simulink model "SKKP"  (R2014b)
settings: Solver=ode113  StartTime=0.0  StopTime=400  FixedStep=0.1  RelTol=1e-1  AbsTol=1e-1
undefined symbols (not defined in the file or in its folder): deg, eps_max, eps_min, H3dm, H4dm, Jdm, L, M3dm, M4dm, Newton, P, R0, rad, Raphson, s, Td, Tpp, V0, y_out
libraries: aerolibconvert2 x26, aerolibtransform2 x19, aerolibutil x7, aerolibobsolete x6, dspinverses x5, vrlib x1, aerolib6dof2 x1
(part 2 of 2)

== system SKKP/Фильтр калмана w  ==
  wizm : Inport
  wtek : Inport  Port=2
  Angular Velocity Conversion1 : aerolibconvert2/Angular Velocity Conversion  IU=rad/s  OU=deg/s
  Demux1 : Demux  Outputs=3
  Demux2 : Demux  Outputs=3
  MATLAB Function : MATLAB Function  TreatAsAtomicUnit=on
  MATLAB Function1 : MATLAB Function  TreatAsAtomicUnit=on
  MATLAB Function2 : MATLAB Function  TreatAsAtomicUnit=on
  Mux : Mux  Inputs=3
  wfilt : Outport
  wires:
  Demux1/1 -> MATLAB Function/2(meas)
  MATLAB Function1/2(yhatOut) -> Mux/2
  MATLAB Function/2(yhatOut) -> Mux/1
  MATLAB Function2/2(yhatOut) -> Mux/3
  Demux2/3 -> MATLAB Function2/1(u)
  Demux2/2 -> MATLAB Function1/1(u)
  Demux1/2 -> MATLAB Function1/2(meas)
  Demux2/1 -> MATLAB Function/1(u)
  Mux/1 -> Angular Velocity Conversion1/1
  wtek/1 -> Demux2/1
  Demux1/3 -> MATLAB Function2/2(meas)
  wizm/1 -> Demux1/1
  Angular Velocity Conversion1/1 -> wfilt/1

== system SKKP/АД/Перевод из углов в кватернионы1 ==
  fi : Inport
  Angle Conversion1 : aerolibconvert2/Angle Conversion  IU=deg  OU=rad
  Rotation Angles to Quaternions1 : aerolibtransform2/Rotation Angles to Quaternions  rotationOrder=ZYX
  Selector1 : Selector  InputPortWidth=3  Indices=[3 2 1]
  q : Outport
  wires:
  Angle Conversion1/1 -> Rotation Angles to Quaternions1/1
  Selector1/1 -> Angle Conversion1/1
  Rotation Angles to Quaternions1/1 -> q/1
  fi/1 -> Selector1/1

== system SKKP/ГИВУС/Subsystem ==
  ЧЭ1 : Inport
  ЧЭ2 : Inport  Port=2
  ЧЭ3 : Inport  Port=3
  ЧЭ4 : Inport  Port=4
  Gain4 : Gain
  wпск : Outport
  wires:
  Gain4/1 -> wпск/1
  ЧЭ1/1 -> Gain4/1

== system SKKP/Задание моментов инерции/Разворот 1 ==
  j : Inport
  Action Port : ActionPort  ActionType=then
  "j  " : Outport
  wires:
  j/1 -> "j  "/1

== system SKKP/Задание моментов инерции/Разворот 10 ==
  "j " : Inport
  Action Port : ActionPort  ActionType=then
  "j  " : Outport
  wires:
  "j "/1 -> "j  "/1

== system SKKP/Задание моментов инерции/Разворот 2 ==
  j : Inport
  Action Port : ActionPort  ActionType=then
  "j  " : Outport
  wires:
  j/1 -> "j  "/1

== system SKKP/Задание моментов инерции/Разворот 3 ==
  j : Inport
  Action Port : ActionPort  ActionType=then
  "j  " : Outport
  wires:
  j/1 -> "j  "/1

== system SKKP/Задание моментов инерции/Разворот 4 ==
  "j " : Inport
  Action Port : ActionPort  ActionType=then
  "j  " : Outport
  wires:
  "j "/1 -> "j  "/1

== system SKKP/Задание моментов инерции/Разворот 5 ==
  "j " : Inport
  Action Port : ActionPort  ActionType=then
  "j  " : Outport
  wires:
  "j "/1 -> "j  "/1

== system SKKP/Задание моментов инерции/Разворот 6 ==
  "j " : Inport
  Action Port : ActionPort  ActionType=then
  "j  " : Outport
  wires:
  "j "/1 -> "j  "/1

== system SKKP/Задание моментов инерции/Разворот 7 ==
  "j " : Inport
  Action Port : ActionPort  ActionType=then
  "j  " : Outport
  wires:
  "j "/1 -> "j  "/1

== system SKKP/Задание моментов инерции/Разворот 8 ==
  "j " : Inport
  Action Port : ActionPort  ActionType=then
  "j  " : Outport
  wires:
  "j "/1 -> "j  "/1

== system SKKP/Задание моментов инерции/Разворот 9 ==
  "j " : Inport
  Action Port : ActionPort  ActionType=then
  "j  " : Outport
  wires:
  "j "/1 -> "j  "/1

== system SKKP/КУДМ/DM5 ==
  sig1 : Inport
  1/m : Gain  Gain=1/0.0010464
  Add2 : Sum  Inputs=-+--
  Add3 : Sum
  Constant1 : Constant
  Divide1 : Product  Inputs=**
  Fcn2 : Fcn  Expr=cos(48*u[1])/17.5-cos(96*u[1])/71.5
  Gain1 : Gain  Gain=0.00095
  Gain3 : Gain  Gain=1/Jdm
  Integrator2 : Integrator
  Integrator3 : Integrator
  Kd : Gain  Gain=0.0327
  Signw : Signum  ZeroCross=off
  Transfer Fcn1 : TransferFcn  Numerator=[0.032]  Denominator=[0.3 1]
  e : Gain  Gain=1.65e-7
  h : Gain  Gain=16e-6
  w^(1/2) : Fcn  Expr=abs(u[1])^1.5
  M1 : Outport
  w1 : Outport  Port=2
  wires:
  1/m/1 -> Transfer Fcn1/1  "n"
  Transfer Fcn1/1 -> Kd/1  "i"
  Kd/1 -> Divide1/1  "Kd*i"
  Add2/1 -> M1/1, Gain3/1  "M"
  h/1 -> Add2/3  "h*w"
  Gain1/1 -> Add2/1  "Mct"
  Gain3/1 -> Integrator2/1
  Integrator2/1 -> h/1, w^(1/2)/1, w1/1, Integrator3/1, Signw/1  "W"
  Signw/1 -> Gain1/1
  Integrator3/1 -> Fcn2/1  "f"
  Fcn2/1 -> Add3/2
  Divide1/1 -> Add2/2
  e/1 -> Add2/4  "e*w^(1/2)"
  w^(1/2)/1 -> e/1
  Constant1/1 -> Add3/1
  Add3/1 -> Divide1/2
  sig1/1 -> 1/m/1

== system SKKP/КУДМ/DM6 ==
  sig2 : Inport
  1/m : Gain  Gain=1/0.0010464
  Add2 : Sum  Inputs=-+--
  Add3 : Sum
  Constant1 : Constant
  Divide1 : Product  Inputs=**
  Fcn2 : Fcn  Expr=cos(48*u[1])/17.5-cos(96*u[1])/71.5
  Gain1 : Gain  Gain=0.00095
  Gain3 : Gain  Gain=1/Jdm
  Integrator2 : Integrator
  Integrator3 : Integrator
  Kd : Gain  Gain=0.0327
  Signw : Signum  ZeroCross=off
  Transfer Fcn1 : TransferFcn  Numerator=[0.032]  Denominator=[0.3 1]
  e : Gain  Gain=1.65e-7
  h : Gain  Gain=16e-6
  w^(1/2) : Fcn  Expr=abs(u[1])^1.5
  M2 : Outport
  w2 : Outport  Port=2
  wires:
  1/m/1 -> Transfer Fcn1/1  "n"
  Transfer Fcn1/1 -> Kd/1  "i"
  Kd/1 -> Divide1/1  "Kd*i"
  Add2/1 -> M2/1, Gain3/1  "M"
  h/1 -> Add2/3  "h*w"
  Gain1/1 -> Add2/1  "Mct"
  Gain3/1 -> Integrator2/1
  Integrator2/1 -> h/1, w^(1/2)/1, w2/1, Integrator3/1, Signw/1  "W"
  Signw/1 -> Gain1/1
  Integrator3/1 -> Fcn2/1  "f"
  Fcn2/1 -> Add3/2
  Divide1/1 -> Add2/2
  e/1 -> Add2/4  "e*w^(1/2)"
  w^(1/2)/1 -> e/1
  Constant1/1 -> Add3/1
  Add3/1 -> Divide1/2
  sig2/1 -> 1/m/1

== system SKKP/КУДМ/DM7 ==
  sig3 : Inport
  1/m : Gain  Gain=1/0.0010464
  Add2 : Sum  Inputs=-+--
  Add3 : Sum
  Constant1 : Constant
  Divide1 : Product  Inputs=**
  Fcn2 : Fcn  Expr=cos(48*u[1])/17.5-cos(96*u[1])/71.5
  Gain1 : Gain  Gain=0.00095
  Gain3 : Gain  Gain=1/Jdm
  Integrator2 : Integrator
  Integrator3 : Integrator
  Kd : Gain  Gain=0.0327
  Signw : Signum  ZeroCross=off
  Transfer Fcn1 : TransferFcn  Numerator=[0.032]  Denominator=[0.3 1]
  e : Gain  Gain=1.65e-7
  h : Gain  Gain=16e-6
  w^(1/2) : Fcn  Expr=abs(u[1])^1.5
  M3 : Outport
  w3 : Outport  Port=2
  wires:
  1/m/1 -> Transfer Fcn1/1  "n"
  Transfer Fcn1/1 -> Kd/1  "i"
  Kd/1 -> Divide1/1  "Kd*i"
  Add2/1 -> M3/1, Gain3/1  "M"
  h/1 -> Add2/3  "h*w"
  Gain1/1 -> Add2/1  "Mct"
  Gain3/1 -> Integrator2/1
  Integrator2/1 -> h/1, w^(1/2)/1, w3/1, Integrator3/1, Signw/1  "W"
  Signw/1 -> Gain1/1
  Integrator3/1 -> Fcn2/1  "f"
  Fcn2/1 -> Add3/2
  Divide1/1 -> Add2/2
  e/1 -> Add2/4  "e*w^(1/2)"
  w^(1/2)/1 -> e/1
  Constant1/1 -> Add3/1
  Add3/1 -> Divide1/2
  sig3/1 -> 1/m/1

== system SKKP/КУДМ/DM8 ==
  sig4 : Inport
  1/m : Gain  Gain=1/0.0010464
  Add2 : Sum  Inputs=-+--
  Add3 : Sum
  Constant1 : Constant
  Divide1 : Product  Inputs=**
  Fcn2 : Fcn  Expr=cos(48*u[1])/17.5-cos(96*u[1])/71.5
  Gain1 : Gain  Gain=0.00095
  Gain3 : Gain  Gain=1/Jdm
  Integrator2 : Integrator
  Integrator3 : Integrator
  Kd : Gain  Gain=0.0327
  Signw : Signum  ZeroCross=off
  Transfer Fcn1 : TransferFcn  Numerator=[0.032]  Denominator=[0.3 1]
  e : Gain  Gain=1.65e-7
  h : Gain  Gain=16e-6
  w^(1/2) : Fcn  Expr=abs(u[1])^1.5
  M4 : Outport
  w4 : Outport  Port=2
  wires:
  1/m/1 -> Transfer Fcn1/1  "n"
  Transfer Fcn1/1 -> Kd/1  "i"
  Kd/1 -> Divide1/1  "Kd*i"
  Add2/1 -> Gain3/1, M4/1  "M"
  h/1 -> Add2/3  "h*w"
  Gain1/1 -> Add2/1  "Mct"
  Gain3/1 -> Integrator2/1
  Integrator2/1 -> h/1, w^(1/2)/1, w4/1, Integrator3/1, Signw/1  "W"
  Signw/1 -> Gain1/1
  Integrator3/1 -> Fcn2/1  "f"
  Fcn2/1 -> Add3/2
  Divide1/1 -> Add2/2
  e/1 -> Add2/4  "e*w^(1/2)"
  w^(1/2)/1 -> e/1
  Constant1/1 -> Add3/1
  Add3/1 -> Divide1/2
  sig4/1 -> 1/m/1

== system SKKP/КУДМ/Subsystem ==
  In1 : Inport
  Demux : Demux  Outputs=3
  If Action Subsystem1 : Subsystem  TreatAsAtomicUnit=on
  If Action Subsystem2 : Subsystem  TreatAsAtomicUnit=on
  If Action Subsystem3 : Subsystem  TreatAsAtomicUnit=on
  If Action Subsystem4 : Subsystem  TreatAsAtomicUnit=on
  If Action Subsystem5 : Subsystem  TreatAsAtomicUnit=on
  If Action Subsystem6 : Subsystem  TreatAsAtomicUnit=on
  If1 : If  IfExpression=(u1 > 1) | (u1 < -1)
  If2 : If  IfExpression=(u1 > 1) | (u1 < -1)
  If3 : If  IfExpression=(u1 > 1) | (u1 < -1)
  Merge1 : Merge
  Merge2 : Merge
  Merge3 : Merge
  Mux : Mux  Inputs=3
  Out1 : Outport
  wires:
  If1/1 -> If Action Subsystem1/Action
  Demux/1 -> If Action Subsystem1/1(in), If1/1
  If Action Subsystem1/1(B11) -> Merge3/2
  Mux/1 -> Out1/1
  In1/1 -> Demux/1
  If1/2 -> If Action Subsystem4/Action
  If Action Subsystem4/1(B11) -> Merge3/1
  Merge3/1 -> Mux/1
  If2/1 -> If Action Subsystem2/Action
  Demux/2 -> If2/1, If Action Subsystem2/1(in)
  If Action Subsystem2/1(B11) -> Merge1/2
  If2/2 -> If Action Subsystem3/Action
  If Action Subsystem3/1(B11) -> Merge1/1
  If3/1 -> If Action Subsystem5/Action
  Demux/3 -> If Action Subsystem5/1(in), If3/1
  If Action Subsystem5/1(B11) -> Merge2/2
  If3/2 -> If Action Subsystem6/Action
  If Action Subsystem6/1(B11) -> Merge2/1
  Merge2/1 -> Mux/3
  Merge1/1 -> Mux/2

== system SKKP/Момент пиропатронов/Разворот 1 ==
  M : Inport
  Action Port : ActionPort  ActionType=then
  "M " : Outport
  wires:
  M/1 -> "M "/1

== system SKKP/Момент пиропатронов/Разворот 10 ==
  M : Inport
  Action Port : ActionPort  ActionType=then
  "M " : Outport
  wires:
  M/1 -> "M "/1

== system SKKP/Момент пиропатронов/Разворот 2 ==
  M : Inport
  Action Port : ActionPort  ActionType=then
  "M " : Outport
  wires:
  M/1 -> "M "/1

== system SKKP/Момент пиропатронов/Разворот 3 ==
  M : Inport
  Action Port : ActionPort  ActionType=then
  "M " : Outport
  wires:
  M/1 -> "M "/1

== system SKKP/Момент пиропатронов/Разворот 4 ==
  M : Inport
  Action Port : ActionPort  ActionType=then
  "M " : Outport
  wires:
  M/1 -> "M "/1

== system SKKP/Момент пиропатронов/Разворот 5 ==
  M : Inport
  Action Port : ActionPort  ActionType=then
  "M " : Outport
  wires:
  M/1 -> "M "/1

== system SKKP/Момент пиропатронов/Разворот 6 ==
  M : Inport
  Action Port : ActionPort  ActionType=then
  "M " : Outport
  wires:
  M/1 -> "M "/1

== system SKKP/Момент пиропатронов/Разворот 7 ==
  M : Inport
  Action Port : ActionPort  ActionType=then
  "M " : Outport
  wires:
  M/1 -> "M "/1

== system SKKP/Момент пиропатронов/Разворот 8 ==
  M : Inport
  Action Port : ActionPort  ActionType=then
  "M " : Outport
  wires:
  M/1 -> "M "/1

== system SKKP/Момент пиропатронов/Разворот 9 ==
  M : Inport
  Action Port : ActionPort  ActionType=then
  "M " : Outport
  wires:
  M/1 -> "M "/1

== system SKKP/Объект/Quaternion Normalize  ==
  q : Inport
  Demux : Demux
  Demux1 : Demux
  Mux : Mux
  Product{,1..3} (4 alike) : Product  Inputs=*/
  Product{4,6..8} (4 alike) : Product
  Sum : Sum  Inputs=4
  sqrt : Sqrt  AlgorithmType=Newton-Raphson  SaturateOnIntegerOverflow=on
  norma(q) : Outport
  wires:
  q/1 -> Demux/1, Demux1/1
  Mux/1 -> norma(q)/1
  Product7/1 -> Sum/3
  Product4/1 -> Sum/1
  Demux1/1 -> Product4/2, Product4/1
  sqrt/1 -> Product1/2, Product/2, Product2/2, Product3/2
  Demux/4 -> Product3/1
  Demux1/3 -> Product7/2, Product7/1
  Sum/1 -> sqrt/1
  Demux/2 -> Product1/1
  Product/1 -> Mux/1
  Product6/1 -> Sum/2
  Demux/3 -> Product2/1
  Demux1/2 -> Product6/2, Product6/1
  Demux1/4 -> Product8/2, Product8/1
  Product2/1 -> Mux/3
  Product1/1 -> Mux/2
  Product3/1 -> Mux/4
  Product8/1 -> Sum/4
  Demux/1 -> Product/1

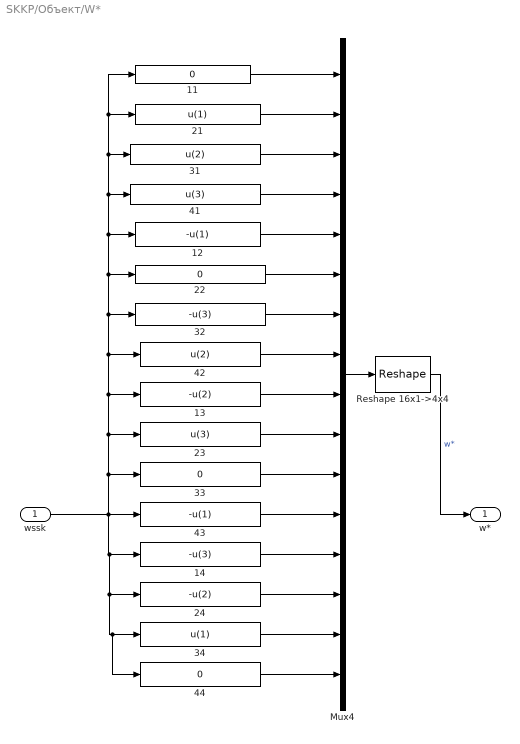
== system SKKP/Объект/W* ==
  wssk : Inport
  {11,22,33,44} (4 alike) : Fcn  Expr=0
  12 : Fcn  Expr=-u(1)
  13 : Fcn  Expr=-u(2)
  14 : Fcn  Expr=-u(3)
  21 : Fcn  Expr=u(1)
  23 : Fcn  Expr=u(3)
  24 : Fcn  Expr=-u(2)
  31 : Fcn  Expr=u(2)
  32 : Fcn  Expr=-u(3)
  34 : Fcn  Expr=u(1)
  "41 " : Fcn  Expr=u(3)
  42 : Fcn  Expr=u(2)
  43 : Fcn  Expr=-u(1)
  Mux4 : Mux  Inputs=16
  Reshape 16x1->4x4 : Reshape  OutputDimensionality=Customize  OutputDimensions=[4,4]
  w* : Outport
  wires:
  wssk/1 -> 43/1, 33/1, 23/1, 13/1, 42/1, 32/1, 22/1, 12/1, "41 "/1, 31/1, 21/1, 11/1, 14/1, 24/1, 34/1, 44/1
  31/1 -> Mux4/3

Exercise brief:
Filter the listing above by the word "alike"; copy each line that passes.

Solved exercise:
  Product{,1..3} (4 alike) : Product  Inputs=*/
  Product{4,6..8} (4 alike) : Product
  {11,22,33,44} (4 alike) : Fcn  Expr=0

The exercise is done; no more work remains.